__Exercise objective__. Where in the records does the word "Rectangle" appear? Copy each line that holds it.

__Dataset extract__.

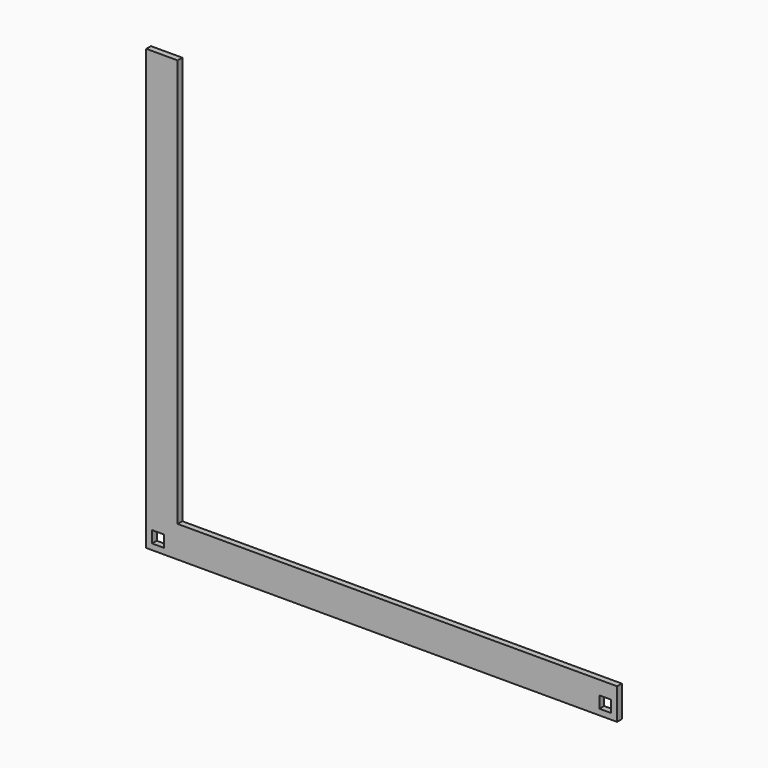
from build123d import *

# Parameters (mm, degrees)
F1_W     = 240
F1_H     = 240
F1_W_2   = 6
F1_H_2   = 6
F1_W_3   = 208
F1_H_3   = 208
F2_DEPTH = 3
F3_DEPTH = 25
F8_W     = 6
F8_H     = 6
F8_W_2   = 16
F8_H_2   = 208
F9_DEPTH = 3.001


with BuildPart() as f2:
    # F1 (on Front) → F2 (new body)
    with BuildSketch(Plane.XZ):
        with Locations((120, 120)):
            Rectangle(F1_W, F1_H)
        with Locations((6, 234)):
            Rectangle(F1_W_2, F1_H_2, mode=Mode.SUBTRACT)
        with Locations((120, 120)):
            Rectangle(F1_W_3, F1_H_3, mode=Mode.SUBTRACT)
        with Locations((6, 234)):
            Rectangle(F1_W_2, F1_H_2)
    extrude(amount=F2_DEPTH)

    # F1 (on Front) → F3 (cut)
    with BuildSketch(Plane.XZ):
        with Locations((6, 234)):
            Rectangle(F1_W_2, F1_H_2)
    extrude(amount=F3_DEPTH, mode=Mode.SUBTRACT)

    # F5: F2 across plane


with BuildPart() as f2_1:
    add(f2.part)
    add(f2.part.mirror(Plane(origin=(120, -1.5, 120), x_dir=(0, -1, 0), z_dir=(-1, 0, 0))), mode=Mode.INTERSECT)

    # F7: F2 across plane


with BuildPart() as f2_2:
    add(f2_1.part)
    add(f2_1.part.mirror(Plane(origin=(120, -1.5, 120), x_dir=(1, 0, 0), z_dir=(0, 0, 1))), mode=Mode.INTERSECT)

    # F8 (on face) → F9 (cut, through all)
    with BuildSketch(Plane.XZ.offset(3)):
        Polygon((240, 240), (0, 240), (0, 224), (16, 224), (224, 224), (240, 224), align=None)
        with Locations((6, 234)):
            Rectangle(F8_W, F8_H, mode=Mode.SUBTRACT)
        with Locations((234, 234)):
            Rectangle(F8_W, F8_H, mode=Mode.SUBTRACT)
        with Locations((232, 120)):
            Rectangle(F8_W_2, F8_H_2)
    extrude(amount=-F9_DEPTH, mode=Mode.SUBTRACT)


solid = f2_2.part

__Answer box__.
            Rectangle(F1_W, F1_H)
            Rectangle(F1_W_2, F1_H_2, mode=Mode.SUBTRACT)
            Rectangle(F1_W_3, F1_H_3, mode=Mode.SUBTRACT)
            Rectangle(F1_W_2, F1_H_2)
            Rectangle(F1_W_2, F1_H_2)
            Rectangle(F8_W, F8_H, mode=Mode.SUBTRACT)
            Rectangle(F8_W, F8_H, mode=Mode.SUBTRACT)
            Rectangle(F8_W_2, F8_H_2)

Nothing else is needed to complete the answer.